Problem description
Starting at the top of the data and ending with the line that holds "[picture b1s1b: schematic", transcribe each line exactly; include both ends.

Supplied entries
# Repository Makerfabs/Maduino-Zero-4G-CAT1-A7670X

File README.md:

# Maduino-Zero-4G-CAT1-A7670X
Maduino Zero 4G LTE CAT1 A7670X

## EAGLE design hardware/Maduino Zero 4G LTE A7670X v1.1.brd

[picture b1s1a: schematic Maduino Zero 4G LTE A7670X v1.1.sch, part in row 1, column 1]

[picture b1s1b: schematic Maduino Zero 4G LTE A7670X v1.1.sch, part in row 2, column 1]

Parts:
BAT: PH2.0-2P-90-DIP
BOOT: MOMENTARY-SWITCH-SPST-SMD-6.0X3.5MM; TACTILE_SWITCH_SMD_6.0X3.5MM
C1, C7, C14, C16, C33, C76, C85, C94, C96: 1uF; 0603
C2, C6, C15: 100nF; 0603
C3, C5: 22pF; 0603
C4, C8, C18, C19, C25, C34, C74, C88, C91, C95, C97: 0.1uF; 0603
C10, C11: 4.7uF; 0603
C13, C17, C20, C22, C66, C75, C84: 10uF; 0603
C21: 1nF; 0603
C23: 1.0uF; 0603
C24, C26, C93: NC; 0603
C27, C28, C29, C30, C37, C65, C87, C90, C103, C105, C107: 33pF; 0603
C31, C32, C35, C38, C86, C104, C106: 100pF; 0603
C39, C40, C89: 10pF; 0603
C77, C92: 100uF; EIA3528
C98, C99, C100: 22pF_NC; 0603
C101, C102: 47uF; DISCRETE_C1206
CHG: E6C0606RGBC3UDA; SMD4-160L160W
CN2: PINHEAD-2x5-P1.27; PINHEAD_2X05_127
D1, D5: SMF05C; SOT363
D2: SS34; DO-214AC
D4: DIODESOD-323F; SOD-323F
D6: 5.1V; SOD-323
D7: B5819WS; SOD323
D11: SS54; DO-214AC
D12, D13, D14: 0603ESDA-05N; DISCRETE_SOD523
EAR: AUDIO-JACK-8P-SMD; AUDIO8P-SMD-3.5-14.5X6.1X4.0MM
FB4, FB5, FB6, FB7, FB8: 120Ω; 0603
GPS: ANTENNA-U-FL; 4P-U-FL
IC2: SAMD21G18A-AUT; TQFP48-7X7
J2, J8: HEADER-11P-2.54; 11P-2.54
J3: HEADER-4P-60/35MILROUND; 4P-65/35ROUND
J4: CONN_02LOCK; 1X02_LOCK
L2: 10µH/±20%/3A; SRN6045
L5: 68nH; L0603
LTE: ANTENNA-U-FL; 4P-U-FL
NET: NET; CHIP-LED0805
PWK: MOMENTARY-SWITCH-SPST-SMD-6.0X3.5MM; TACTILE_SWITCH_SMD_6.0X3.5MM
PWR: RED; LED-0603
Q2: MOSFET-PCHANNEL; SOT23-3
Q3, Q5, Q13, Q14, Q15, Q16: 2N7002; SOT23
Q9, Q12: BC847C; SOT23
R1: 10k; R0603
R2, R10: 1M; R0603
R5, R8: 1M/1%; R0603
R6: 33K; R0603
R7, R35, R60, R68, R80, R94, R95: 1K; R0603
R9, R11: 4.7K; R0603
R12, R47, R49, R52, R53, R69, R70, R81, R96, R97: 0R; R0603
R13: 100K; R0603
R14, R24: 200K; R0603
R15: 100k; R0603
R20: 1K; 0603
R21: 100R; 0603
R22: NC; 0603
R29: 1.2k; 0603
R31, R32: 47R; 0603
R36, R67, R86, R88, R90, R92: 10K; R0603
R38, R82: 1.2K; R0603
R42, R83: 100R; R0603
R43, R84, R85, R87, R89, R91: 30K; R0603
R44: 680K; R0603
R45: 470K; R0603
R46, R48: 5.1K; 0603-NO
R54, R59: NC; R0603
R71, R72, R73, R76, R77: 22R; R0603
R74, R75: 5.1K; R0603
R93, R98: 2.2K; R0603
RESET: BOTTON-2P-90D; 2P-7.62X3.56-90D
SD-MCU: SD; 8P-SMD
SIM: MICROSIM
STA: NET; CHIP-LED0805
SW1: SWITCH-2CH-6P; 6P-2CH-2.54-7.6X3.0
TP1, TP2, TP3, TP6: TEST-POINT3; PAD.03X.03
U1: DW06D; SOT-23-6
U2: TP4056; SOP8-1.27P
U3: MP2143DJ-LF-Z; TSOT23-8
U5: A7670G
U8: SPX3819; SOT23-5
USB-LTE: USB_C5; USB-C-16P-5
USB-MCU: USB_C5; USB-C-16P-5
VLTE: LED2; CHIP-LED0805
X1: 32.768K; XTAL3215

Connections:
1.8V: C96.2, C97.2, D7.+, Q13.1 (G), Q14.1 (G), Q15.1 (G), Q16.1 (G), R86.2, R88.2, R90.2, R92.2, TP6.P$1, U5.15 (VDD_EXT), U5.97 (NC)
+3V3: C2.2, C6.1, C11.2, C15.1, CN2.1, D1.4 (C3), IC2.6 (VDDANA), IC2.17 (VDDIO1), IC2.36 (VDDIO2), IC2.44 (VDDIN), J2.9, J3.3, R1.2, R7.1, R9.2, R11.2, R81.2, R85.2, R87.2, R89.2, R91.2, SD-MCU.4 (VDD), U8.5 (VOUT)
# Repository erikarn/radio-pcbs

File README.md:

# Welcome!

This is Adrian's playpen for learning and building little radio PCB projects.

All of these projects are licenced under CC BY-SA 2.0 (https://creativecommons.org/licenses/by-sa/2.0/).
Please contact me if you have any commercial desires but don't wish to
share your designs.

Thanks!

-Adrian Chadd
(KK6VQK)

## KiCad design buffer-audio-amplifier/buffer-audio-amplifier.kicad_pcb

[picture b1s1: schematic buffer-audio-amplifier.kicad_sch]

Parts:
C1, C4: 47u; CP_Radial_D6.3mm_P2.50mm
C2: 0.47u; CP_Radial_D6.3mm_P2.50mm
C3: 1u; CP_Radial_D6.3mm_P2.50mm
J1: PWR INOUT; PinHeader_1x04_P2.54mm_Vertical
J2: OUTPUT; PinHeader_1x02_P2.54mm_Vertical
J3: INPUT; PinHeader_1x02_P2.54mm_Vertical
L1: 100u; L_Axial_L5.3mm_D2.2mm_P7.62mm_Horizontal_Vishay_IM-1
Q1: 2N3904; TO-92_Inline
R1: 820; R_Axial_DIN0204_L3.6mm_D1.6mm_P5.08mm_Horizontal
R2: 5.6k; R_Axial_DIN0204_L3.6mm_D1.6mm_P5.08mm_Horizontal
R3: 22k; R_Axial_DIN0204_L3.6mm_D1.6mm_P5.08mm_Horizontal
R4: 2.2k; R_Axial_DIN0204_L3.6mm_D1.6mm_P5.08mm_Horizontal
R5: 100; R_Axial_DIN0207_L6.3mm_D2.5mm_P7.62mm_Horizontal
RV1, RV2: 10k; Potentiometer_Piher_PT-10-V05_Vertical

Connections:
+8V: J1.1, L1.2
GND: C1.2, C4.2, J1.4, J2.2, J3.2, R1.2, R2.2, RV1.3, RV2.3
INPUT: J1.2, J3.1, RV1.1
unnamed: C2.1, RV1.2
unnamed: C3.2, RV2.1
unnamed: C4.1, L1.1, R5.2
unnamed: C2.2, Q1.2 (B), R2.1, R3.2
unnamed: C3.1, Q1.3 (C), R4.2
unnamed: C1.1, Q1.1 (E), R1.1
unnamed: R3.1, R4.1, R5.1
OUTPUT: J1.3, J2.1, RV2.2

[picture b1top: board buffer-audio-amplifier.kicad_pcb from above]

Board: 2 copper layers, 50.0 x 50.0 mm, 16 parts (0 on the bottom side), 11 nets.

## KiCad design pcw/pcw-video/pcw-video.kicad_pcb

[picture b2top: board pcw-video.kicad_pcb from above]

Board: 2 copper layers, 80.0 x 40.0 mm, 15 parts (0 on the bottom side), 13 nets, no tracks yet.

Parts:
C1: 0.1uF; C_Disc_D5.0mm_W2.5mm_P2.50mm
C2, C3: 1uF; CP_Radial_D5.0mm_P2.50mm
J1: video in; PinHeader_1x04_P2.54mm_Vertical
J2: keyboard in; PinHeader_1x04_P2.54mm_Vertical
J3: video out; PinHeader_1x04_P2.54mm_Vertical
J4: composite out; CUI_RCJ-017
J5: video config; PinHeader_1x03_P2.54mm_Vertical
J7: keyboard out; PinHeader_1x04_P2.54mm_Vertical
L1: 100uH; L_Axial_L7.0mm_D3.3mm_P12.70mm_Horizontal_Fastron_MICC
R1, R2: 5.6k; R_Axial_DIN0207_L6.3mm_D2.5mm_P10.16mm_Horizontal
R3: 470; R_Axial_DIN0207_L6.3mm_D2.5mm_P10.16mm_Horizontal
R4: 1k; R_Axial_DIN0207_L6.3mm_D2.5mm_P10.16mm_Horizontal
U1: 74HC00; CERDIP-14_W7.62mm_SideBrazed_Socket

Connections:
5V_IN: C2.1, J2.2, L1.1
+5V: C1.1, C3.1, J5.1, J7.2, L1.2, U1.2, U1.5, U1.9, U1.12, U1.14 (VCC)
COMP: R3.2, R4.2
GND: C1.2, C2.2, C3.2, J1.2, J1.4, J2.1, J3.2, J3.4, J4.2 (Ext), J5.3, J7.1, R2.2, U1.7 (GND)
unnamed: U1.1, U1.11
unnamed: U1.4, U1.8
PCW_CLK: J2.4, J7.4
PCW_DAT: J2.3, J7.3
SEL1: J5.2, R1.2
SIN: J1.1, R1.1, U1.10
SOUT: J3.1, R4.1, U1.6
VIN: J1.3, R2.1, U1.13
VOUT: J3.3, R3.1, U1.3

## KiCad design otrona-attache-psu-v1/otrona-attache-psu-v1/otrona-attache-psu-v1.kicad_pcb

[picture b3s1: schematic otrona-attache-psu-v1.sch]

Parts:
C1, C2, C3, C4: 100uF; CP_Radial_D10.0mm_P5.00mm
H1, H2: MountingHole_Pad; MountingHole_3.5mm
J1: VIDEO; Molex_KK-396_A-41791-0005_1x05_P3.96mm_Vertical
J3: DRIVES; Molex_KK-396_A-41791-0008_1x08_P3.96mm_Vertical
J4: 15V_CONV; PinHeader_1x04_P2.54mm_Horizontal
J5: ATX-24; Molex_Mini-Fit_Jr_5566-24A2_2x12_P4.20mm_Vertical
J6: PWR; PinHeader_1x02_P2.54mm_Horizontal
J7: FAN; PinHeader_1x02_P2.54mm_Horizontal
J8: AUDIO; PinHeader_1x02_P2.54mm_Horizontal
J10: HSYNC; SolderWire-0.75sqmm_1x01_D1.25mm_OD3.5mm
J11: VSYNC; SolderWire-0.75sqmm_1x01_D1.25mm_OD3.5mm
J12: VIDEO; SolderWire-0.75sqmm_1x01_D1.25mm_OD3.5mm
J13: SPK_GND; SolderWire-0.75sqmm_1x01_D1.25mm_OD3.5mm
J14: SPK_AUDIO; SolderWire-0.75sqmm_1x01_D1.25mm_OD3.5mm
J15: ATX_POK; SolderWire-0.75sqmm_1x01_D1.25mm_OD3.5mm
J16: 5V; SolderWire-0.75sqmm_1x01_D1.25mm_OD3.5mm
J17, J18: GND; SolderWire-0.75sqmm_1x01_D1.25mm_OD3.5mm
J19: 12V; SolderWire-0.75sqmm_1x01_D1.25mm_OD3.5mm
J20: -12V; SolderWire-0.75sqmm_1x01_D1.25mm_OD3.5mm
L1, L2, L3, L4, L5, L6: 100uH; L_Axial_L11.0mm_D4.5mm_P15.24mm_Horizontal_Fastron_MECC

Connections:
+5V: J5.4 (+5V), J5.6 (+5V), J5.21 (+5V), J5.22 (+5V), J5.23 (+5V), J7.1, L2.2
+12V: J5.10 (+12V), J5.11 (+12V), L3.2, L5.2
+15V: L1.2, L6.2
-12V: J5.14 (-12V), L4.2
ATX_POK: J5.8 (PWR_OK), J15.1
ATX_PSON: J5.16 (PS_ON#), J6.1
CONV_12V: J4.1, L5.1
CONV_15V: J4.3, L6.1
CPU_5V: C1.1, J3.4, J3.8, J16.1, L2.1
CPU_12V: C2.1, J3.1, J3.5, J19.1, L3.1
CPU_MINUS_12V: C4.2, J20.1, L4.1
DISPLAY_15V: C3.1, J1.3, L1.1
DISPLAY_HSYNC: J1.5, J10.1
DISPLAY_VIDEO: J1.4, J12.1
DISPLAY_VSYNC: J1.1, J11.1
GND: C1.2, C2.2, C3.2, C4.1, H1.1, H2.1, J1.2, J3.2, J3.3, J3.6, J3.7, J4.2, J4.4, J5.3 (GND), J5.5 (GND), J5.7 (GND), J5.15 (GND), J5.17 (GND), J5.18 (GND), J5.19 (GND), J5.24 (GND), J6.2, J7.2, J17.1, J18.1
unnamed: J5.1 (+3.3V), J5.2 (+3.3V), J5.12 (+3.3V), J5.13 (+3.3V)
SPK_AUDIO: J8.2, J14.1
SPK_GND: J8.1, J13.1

Result of this exercise
# Repository Makerfabs/Maduino-Zero-4G-CAT1-A7670X

File README.md:

# Maduino-Zero-4G-CAT1-A7670X
Maduino Zero 4G LTE CAT1 A7670X

## EAGLE design hardware/Maduino Zero 4G LTE A7670X v1.1.brd

[picture b1s1a: schematic Maduino Zero 4G LTE A7670X v1.1.sch, part in row 1, column 1]

[picture b1s1b: schematic Maduino Zero 4G LTE A7670X v1.1.sch, part in row 2, column 1]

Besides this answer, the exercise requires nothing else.